Patrick uses the recent example of Voyager as a case in point. I don’t think it is being pedantic to argue that a “crypto bank” is an oxymoron but I don’t hold out much hope that the term will go away any time soon. A “bank” is arguably a highly regulated institution by definition and the crypto versions to date are either not regulated or subject to a less onerous form of regulation.
This is Patrick’s take on Voyager
Voyager, a publicly traded company, marketed a deposit-adjacent product to users, paying a generous interest rate. Then a cascading series of events in crypto, outside the scope of this essay, blew up a series of firms, including one which had taken out a loan of hundreds of millions of dollars from Voyager. Suddenly, the information-insensitivity of Voyagers not-deposits was pierced, the pink slime appears both undermixed and undercooked, and customers now need to follow a bankruptcy proceeding closely. … When something which was believed to be a deposit is discovered to not actually be a deposit, infrastructure around it breaks catastrophically. Matt Levine has an excellent extended discussion about how Voyager discovered that attaching the ACH payment rail to their deposit-adjacent product became a huge risk once they went under.)

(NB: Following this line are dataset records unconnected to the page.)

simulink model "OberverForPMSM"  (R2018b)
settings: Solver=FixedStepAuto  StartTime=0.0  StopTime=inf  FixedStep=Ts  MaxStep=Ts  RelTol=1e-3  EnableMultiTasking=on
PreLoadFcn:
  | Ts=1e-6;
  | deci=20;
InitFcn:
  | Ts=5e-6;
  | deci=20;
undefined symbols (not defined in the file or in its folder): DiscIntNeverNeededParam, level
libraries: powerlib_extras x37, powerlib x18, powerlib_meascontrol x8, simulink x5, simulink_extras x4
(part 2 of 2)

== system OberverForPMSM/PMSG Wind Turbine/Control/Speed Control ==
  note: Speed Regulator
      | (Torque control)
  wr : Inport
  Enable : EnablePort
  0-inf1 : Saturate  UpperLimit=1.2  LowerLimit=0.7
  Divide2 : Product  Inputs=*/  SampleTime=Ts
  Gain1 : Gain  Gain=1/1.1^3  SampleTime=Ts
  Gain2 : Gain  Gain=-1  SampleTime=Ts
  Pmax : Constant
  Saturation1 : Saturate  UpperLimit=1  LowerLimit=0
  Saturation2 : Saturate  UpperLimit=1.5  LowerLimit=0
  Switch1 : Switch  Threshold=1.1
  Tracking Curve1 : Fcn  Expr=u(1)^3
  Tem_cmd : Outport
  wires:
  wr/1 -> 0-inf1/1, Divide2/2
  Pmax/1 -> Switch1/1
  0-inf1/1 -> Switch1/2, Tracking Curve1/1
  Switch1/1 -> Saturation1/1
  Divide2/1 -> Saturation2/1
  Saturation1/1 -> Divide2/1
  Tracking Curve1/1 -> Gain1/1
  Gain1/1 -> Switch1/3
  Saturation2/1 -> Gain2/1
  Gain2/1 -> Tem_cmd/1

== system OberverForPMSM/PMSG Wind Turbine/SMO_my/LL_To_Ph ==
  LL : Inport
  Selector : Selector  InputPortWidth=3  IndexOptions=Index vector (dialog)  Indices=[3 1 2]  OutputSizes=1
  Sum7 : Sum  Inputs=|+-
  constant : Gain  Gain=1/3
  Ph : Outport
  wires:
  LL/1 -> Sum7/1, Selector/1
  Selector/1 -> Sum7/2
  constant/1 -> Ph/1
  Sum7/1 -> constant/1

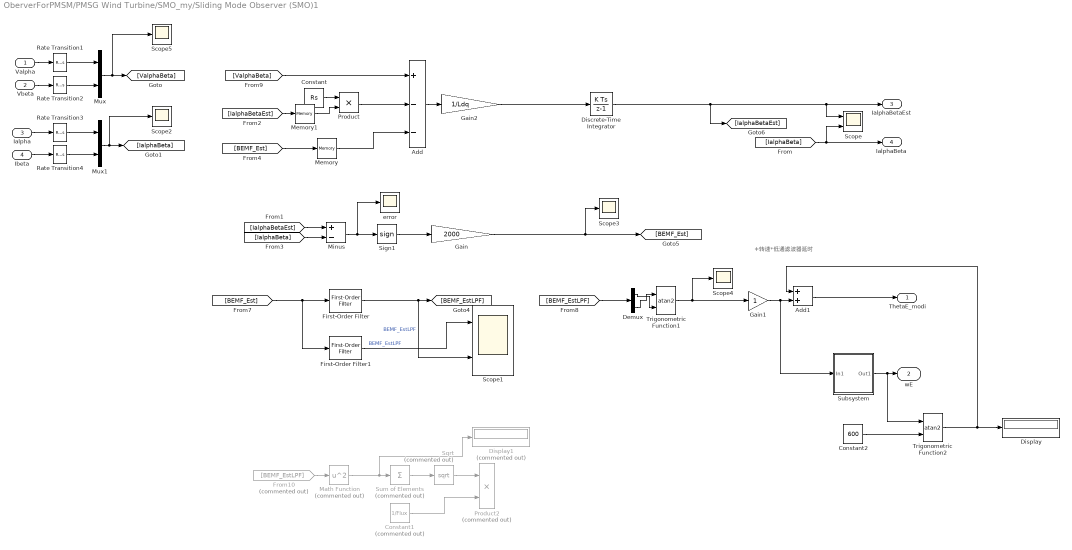
== system OberverForPMSM/PMSG Wind Turbine/SMO_my/Sliding Mode Observer (SMO)1 ==
  note: +转速*低通滤波器延时
  Valpha : Inport
  Vbeta : Inport  Port=2
  Ialpha : Inport  Port=3
  Ibeta : Inport  Port=4
  Add : Sum  Inputs=+--
  Add1 : Sum
  Constant : Constant  Value=Rs
  Constant1 : Constant  Commented=on  Value=1/Flux
  Constant2 : Constant  Value=600
  Demux : Demux  Outputs=2
  Discrete-Time Integrator : DiscreteIntegrator  SampleTime=-1  ICPrevOutput=DiscIntNeverNeededParam  ICPrevScaledInput=DiscIntNeverNeededParam
  Display : Display
  Display1 : Display  Commented=on
  First-Order Filter : powerlib_meascontrol/Filters/First-Order Filter  FilterType=Lowpass  Tc=1/600  Ts=Tctl  Initialize=on  Vac_Init=[0, 0, 60]  Vdc_Init=0  PlotResponse=off  FreqRange="[0,  200,  1]"
      settings: SourceProductName=Simscape Power Systems
  First-Order Filter1 : powerlib_meascontrol/Filters/First-Order Filter  FilterType=Lowpass  Tc=1/5000  Ts=Tctl  Initialize=on  Vac_Init=[0, 0, 60]  Vdc_Init=0  PlotResponse=off  FreqRange="[0,  200,  1]"
      settings: SourceProductName=Simscape Power Systems
  From10 : From  Commented=on  GotoTag=BEMF_EstLPF
  Gain : Gain  Gain=2000
  Gain1 : Gain
  Gain2 : Gain  Gain=1/Ldq
  Math Function : Math  Commented=on  Operator=square  SaturateOnIntegerOverflow=on
  Memory : Memory  InheritSampleTime=on
  Memory1 : Memory  InheritSampleTime=on
  Minus : Sum  Inputs=+-
  Mux : Mux  Inputs=2
  Mux1 : Mux  Inputs=2
  Product : Product
  Product2 : Product  Commented=on
  Rate Transition{1..4} (4 alike) : RateTransition  OutPortSampleTime=Tctl
  Scope : Scope  NumInputPorts=2
  Scope1 : Scope  NumInputPorts=2
  Scope{2..5} (4 alike) : Scope
  Sign1 : Signum
  Sqrt : Sqrt  Commented=on  SaturateOnIntegerOverflow=on
  Subsystem : Subsystem
  Sum of Elements : Sum  Commented=on  Inputs=+
  Trigonometric Function1 : Trigonometry  Operator=atan2  ApproximationMethod=CORDIC
  Trigonometric Function2 : Trigonometry  Operator=atan2  ApproximationMethod=CORDIC
  error : Scope
  ThetaE_modi : Outport
  wE : Outport  Port=2
  IalphaBetaEst : Outport  Port=3
  IalphaBeta : Outport  Port=4
  wires:
  Ibeta/1 -> Rate Transition4/1
  Ialpha/1 -> Rate Transition3/1
  Vbeta/1 -> Rate Transition2/1
  Valpha/1 -> Rate Transition1/1
  Mux/1 -> Scope5/1, [ValphaBeta]
  Mux1/1 -> Scope2/1, [IalphaBeta]
  [IalphaBetaEst] -> Minus/1
  [IalphaBeta] -> Minus/2
  [ValphaBeta] -> Add/1
  Constant/1 -> Product/1
  [IalphaBetaEst] -> Memory1/1
  Product/1 -> Add/2
  [BEMF_Est] -> Memory/1
  Add/1 -> Gain2/1
  Memory1/1 -> Product/2
  Gain2/1 -> Discrete-Time Integrator/1
  [IalphaBeta] -> Scope/2, IalphaBeta/1
  Minus/1 -> error/1, Sign1/1
  Memory/1 -> Add/3
  Sign1/1 -> Gain/1
  Gain/1 -> Scope3/1, [BEMF_Est]
  Trigonometric Function1/1 -> Scope4/1, Gain1/1
  Sum of Elements/1 -> Sqrt/1
  Math Function/1 -> Display1/1, Sum of Elements/1
  Sqrt/1 -> Product2/1
  Constant1/1 -> Product2/2
  From10/1 -> Math Function/1
  [BEMF_EstLPF] -> Demux/1
  Rate Transition1/1 -> Mux/1
  Rate Transition2/1 -> Mux/2
  Rate Transition3/1 -> Mux1/1
  Rate Transition4/1 -> Mux1/2
  [BEMF_Est] -> First-Order Filter1/1, First-Order Filter/1
  Discrete-Time Integrator/1 -> [IalphaBetaEst], Scope/1, IalphaBetaEst/1
  First-Order Filter/1 -> Scope1/2, [BEMF_EstLPF]  "BEMF_EstLPF"
  First-Order Filter1/1 -> Scope1/1  "BEMF_EstLPF"
  Subsystem/1(Out1) -> Trigonometric Function2/1, wE/1
  Demux/1 -> Trigonometric Function1/2
  Demux/2 -> Trigonometric Function1/1
  Gain1/1 -> Subsystem/1(In1), Add1/2
  Add1/1 -> ThetaE_modi/1
  Trigonometric Function2/1 -> Add1/1, Display/1
  Constant2/1 -> Trigonometric Function2/2

== system OberverForPMSM/PMSG Wind Turbine/SMO_my/mod 2 ==
  In1 : Inport
  Constant : Constant  Value=2*pi
  Math Function : Math  Operator=mod  SaturateOnIntegerOverflow=on
  Out1 : Outport
  wires:
  In1/1 -> Math Function/1
  Constant/1 -> Math Function/2
  Math Function/1 -> Out1/1

== system OberverForPMSM/PMSG Wind Turbine/SMO_my/mod 3 ==
  In1 : Inport
  Constant : Constant  Value=2*pi
  Math Function : Math  Operator=mod  SaturateOnIntegerOverflow=on
  Out1 : Outport
  wires:
  In1/1 -> Math Function/1
  Constant/1 -> Math Function/2
  Math Function/1 -> Out1/1

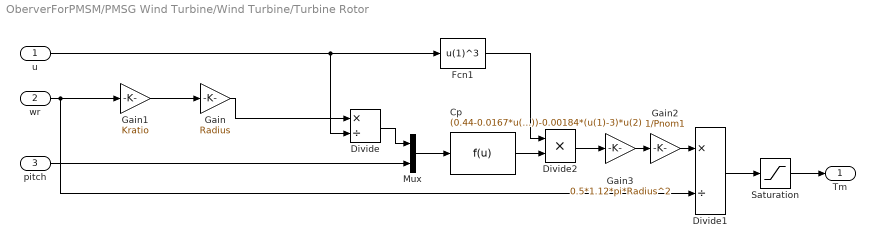
== system OberverForPMSM/PMSG Wind Turbine/Wind Turbine/Turbine Rotor ==
  u : Inport
  wr : Inport  Port=2
  pitch : Inport  Port=3
  Cp : Fcn  Expr=(0.44-0.0167*u(2))*sin(pi*(u(1)-3)/15-0.3*u(2))-0.00184*(u(1)-3)*u(2)  SampleTime=Ts
  Divide : Product  Inputs=*/  SampleTime=Ts
  Divide1 : Product  Inputs=*/  SampleTime=Ts
  Divide2 : Product  Inputs=**  SampleTime=Ts
  Fcn1 : Fcn  Expr=u(1)^3  SampleTime=Ts
  Gain : Gain  Gain=Radius  SampleTime=Ts
  Gain1 : Gain  Gain=Kratio  SampleTime=Ts
  Gain2 : Gain  Gain=1/Pnom1  SampleTime=Ts
  Gain3 : Gain  Gain=0.5*1.12*pi*Radius^2  SampleTime=Ts
  Mux : Mux  Inputs=2
  Saturation : Saturate  UpperLimit=2  LowerLimit=1e-2
  Tm : Outport
  wires:
  Gain/1 -> Divide/1
  u/1 -> Divide/2, Fcn1/1
  Divide/1 -> Mux/1
  Mux/1 -> Cp/1
  wr/1 -> Gain1/1, Divide1/2
  Gain1/1 -> Gain/1
  Gain2/1 -> Divide1/1
  Gain3/1 -> Gain2/1
  Divide2/1 -> Gain3/1
  Cp/1 -> Divide2/2
  Fcn1/1 -> Divide2/1
  pitch/1 -> Mux/2
  Divide1/1 -> Saturation/1
  Saturation/1 -> Tm/1

== system OberverForPMSM/PMSG Wind Turbine/Wind Turbine/pitch angle controller ==
  wg : Inport
  Ref : Inport  Port=2
  "0-pitch_max " : Saturate  UpperLimit=27  LowerLimit=0  SampleTime=Ts
  Discrete PID Controller : simulink/Continuous/PID Controller  Controller=P  Form=Parallel  TimeDomain=Discrete-time  SampleTime=Ts  IntegratorMethod=Forward Euler  FilterMethod=Forward Euler  ControllerParametersSource=internal  P=200  I=0  D=0  UseFilter=on  N=100  TunerSelectOption=Transfer Function Based (PID Tuner App)  ZeroCross=off  InitialConditionSource=internal  InitialConditionForIntegrator=0  InitialConditionForFilter=0  DifferentiatorICPrevScaledInput=0  ExternalReset=none  TrackingMode=off  Kt=1  LimitOutput=on  UpperSaturationLimit=27  LowerSaturationLimit=0  LinearizeAsGain=off  AntiWindupMode=clamping  Kb=1  POutMin=[]  POutMax=[]  IOutMin=[]  IOutMax=[]  DOutMin=[]  DOutMax=[]  NOutMin=[]  NOutMax=[]  SumOutMin=[]  SumOutMax=[]  SaturationOutMin=[]  SaturationOutMax=[]  PParamMin=[]  PParamMax=[]  IParamMin=[]  IParamMax=[]  DParamMin=[]  DParamMax=[]  NParamMin=[]  NParamMax=[]  KbParamMin=[]  KbParamMax=[]  KtParamMin=[]  KtParamMax=[]  KbOutMin=[]  KbOutMax=[]  KtOutMin=[]  KtOutMax=[]  IntegratorOutMin=[]  IntegratorOutMax=[]  FilterOutMin=[]  FilterOutMax=[]  SumI1OutMin=[]  SumI1OutMax=[]  SumI2OutMin=[]  SumI2OutMax=[]  SumI3OutMin=[]  SumI3OutMax=[]  SumI4OutMin=[]  SumI4OutMax=[]  SumDOutMin=[]  SumDOutMax=[]  DifferentiatorOutMin=[]  DifferentiatorOutMax=[]  FilterDiffOutCoefMin=[]  FilterDiffOutCoefMax=[]  ReciprocalOutMin=[]  ReciprocalOutMax=[]  SumDenOutMin=[]  SumDenOutMax=[]  SumNumOutMin=[]  SumNumOutMax=[]  DivideOutMin=[]  DivideOutMax=[]  IntegratorContinuousStateAttributes=''  IntegratorStateMustResolveToSignalObject=off  IntegratorRTWStateStorageClass=Auto  FilterContinuousStateAttributes=''  FilterStateMustResolveToSignalObject=off  FilterRTWStateStorageClass=Auto  ParallelPVariant=InternalParameters  IdealPVariant=Disabled  IVariant=Disabled  DVariant=Disabled  IntegratorVariant=Disabled  SatVariant=Enabled  AWVariant=Disabled  PCopyVariant=Disabled  TRVariant=Disabled  FdbkBlocksVariant=Forward  IdealPFdbkVariant=Disabled  SatFdbkVariant=Disabled  DerivativeFilterVariant=Disabled  NVariant=Disabled  NCopyVariant=Disabled_SignalSpec  FilterICVariant=Disabled  IntegratorICVariant=Disabled  ExternalResetVariant=Disabled  TRSumVariant=Passthrough  SumFdbkVariant=Disabled  SumVariant=Passthrough_P
  Rate Limiter : RateLimiter  RisingSlewLimit=10  FallingSlewLimit=-10
  Sum3 : Sum  Inputs=|+-  SampleTime=Ts
  t=Pitch_time_constant1 : powerlib_extras/Discrete  Control Blocks/Discrete 1st-Order Filter  FilterType=Lowpass  Tc=0.02  Ts=Ts  Initialize=on  Vac_Init=[0.8 -25 60]*0  Vdc_Init=0  PlotResponse=off  param1=[1 500 0.1]
  pitch : Outport
  wires:
  Sum3/1 -> Discrete PID Controller/1
  wg/1 -> Sum3/1
  Ref/1 -> Sum3/2
  Rate Limiter/1 -> "0-pitch_max "/1
  "0-pitch_max "/1 -> t=Pitch_time_constant1/1
  t=Pitch_time_constant1/1 -> pitch/1
  Discrete PID Controller/1 -> Rate Limiter/1

== system OberverForPMSM/PMSG Wind Turbine/ZhiQianChen/LL_To_Ph ==
  LL : Inport
  Selector : Selector  InputPortWidth=3  IndexOptions=Index vector (dialog)  Indices=[3 1 2]  OutputSizes=1
  Sum7 : Sum  Inputs=|+-
  constant : Gain  Gain=1/3
  Ph : Outport
  wires:
  Sum7/1 -> constant/1
  constant/1 -> Ph/1
  Selector/1 -> Sum7/2
  LL/1 -> Selector/1, Sum7/1

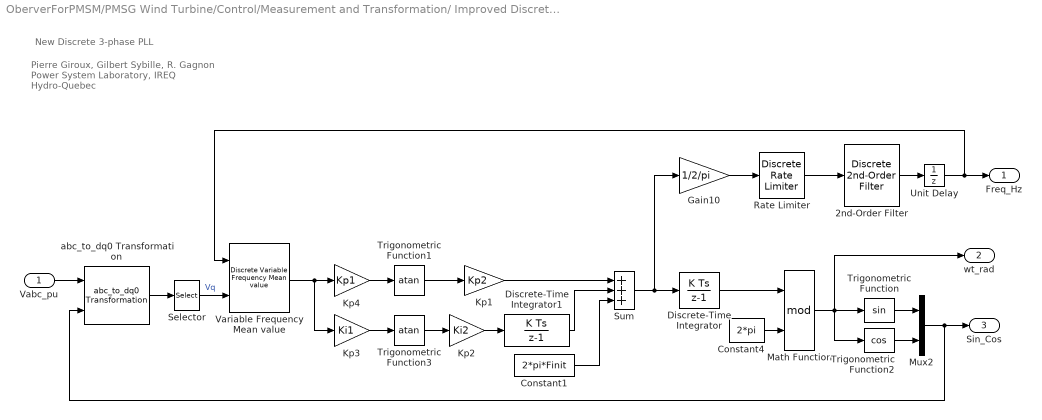
== system OberverForPMSM/PMSG Wind Turbine/Control/Measurement and Transformation/ Improved Discrete 3-phase PLL ==
  note: New Discrete 3-phase PLL
  note: Pierre Giroux, Gilbert Sybille, R. Gagnon
      | Power System Laboratory, IREQ
      | Hydro-Quebec
  Vabc_pu : Inport  PortDimensions=3
  2nd-Order Filter : powerlib_extras/Discrete  Control Blocks/Discrete  2nd-Order Filter  FilterType=Lowpass  Fo=25  Zeta=0.707  Ts=Ts  Initialize=on  Vac_Init=[0 0 Finit]  Vdc_Init=Finit  PlotResponse=off  param1=[1 500 0.1]
  Constant1 : Constant  Value=2*pi*Finit
  Constant4 : Constant  Value=2*pi
  Discrete-Time Integrator : DiscreteIntegrator  SampleTime=Ts  ICPrevOutput=DiscIntNeverNeededParam  ICPrevScaledInput=DiscIntNeverNeededParam
  Discrete-Time Integrator1 : DiscreteIntegrator  gainval=1  SampleTime=Ts  LimitOutput=on  UpperSaturationLimit=2*pi*5  LowerSaturationLimit=-2*pi*5  ICPrevOutput=DiscIntNeverNeededParam  ICPrevScaledInput=DiscIntNeverNeededParam
  Gain10 : Gain  Gain=1/2/pi  SaturateOnIntegerOverflow=on  OutDataTypeStr=Inherit: Same as input  ParamDataTypeStr=Inherit: Same as input
  Kp1 : Gain  Gain=Kp2  SaturateOnIntegerOverflow=on  OutDataTypeStr=Inherit: Same as input  ParamDataTypeStr=Inherit: Same as input
  Kp2 : Gain  Gain=Ki2  SaturateOnIntegerOverflow=on  OutDataTypeStr=Inherit: Same as input  ParamDataTypeStr=Inherit: Same as input
  Kp3 : Gain  Gain=Ki1  SaturateOnIntegerOverflow=on  OutDataTypeStr=Inherit: Same as input  ParamDataTypeStr=Inherit: Same as input
  Kp4 : Gain  Gain=Kp1  SaturateOnIntegerOverflow=on  OutDataTypeStr=Inherit: Same as input  ParamDataTypeStr=Inherit: Same as input
  Math Function : Math  Operator=mod  SaturateOnIntegerOverflow=on
  Mux2 : Mux  Inputs=2
  Rate Limiter : powerlib_extras/Discrete  Control Blocks/Discrete Rate Limiter  R=12  F=-12  Vinit=Finit  Ts=Ts
  Selector : Selector  InputPortWidth=3  IndexOptions=Index vector (dialog)  Indices=2  OutputSizes=1
  Sum : Sum  Inputs=+++
  Trigonometric Function : Trigonometry
  Trigonometric Function1 : Trigonometry  Operator=atan
  Trigonometric Function2 : Trigonometry  Operator=cos
  Trigonometric Function3 : Trigonometry  Operator=atan
  Unit Delay : UnitDelay  InitialCondition=Finit  SampleTime=Ts
  Variable Frequency Mean value : powerlib_extras/Discrete Measurements/Discrete Variable Frequency Mean value  Finit=Finit  Fmin=Fmin  Vinit=0  Ts=Ts
  abc_to_dq0 Transformation : powerlib_extras/Measurements/abc_to_dq0 Transformation
  Freq_Hz : Outport
  wt_rad : Outport  Port=2
  Sin_Cos : Outport  Port=3
  wires:
  Vabc_pu/1 -> abc_to_dq0 Transformation/1
  abc_to_dq0 Transformation/1 -> Selector/1
  Constant4/1 -> Math Function/2
  Math Function/1 -> Trigonometric Function/1, Trigonometric Function2/1, wt_rad/1
  Trigonometric Function/1 -> Mux2/1
  Trigonometric Function2/1 -> Mux2/2
  Mux2/1 -> Sin_Cos/1, abc_to_dq0 Transformation/2
  Gain10/1 -> Rate Limiter/1
  Rate Limiter/1 -> 2nd-Order Filter/1
  2nd-Order Filter/1 -> Unit Delay/1
  Selector/1 -> Variable Frequency Mean value/2  "Vq"
  Kp4/1 -> Trigonometric Function1/1
  Trigonometric Function1/1 -> Kp1/1
  Constant1/1 -> Sum/3
  Variable Frequency Mean value/1 -> Kp4/1, Kp3/1
  Kp3/1 -> Trigonometric Function3/1
  Trigonometric Function3/1 -> Kp2/1
  Kp2/1 -> Discrete-Time Integrator1/1
  Sum/1 -> Discrete-Time Integrator/1, Gain10/1
  Unit Delay/1 -> Freq_Hz/1, Variable Frequency Mean value/1
  Discrete-Time Integrator/1 -> Math Function/1
  Kp1/1 -> Sum/1
  Discrete-Time Integrator1/1 -> Sum/2

== system OberverForPMSM/PMSG Wind Turbine/Control/Measurement and Transformation/ABC to dq conversion  ==
  abc : Inport
  Teta : Inport  Port=2
  Fcn : Fcn  Expr=sin(u)
  Fcn1 : Fcn  Expr=cos(u)
  Gain : Gain  Gain=2/3  SaturateOnIntegerOverflow=on  OutDataTypeStr=Inherit: Same as input  ParamDataTypeStr=Inherit: Same as input
  Gain1 : Gain  Gain=2/3  SaturateOnIntegerOverflow=on  OutDataTypeStr=Inherit: Same as input  ParamDataTypeStr=Inherit: Same as input
  Mux : Mux  Inputs=[1 1 3]
  id : Fcn  Expr=u[1]*u[3]+(1.7320508*u[2]-u[1])*u[4]*0.5+(-u[1]-1.7320508*u[2])*u[5]*0.5
  iq : Fcn  Expr=-u[2]*u[3]+(u[2]+1.7320508*u[1])*u[4]*0.5+(u[2]-1.7320508*u[1])*u[5]*0.5
  d : Outport  InitialOutput=0
  q : Outport  Port=2  InitialOutput=0
  wires:
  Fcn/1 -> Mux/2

As regular readers will know, I am a big fan of Matt Levine so I endorse Patrick’s recommendation to read Matt’s accounts of what is going on in the crypto world. There is one aspect of Patrick’s post however that I struggled with and that is his account of bank deposits as a cheap source of funding
Why fund the risks of a bank with deposits, as opposed to funding them entirely with bonds and equity (and of course, revenue), like almost all businesses do? From the bank’s perspective, this is simple: deposits are very inexpensive funding sources, and the capability to raise them is the one of the main structural advantages banks have vis-a-vis all other firms in the economy.
He is correct of course in the sense that the nominal interest rate on bank deposits is quite low, commensurate with their low risk. Two observations however,
Firstly, the true cost of a bank deposit has to take account of the cost of running all the infrastructure that facilities creating a diversified pool of assets and operating the payment rails that allow deposits to effect payments.
The second is that the super senior preferred claim that bank deposits have on the waterfall makes the other parts of the bank liability stack more risky. I know that the “bail-out” or “Too Big To Fail” have traditionally created a subsidy. However, banks are now required to hold both a lot more capital and to issue “bail-in” instruments that should in principle mean that this subsidy is much reduced if not eliminated. If the other parts of the bank liability stack are not pricing in these changes then the really interesting question is why not.
So there is a lot more to this than what Patrick has written (and he has promised further instalments) but I can still recommend his post as a useful (and entertaining) read for anyone seeking a better understanding of this particular corner of the banking universe.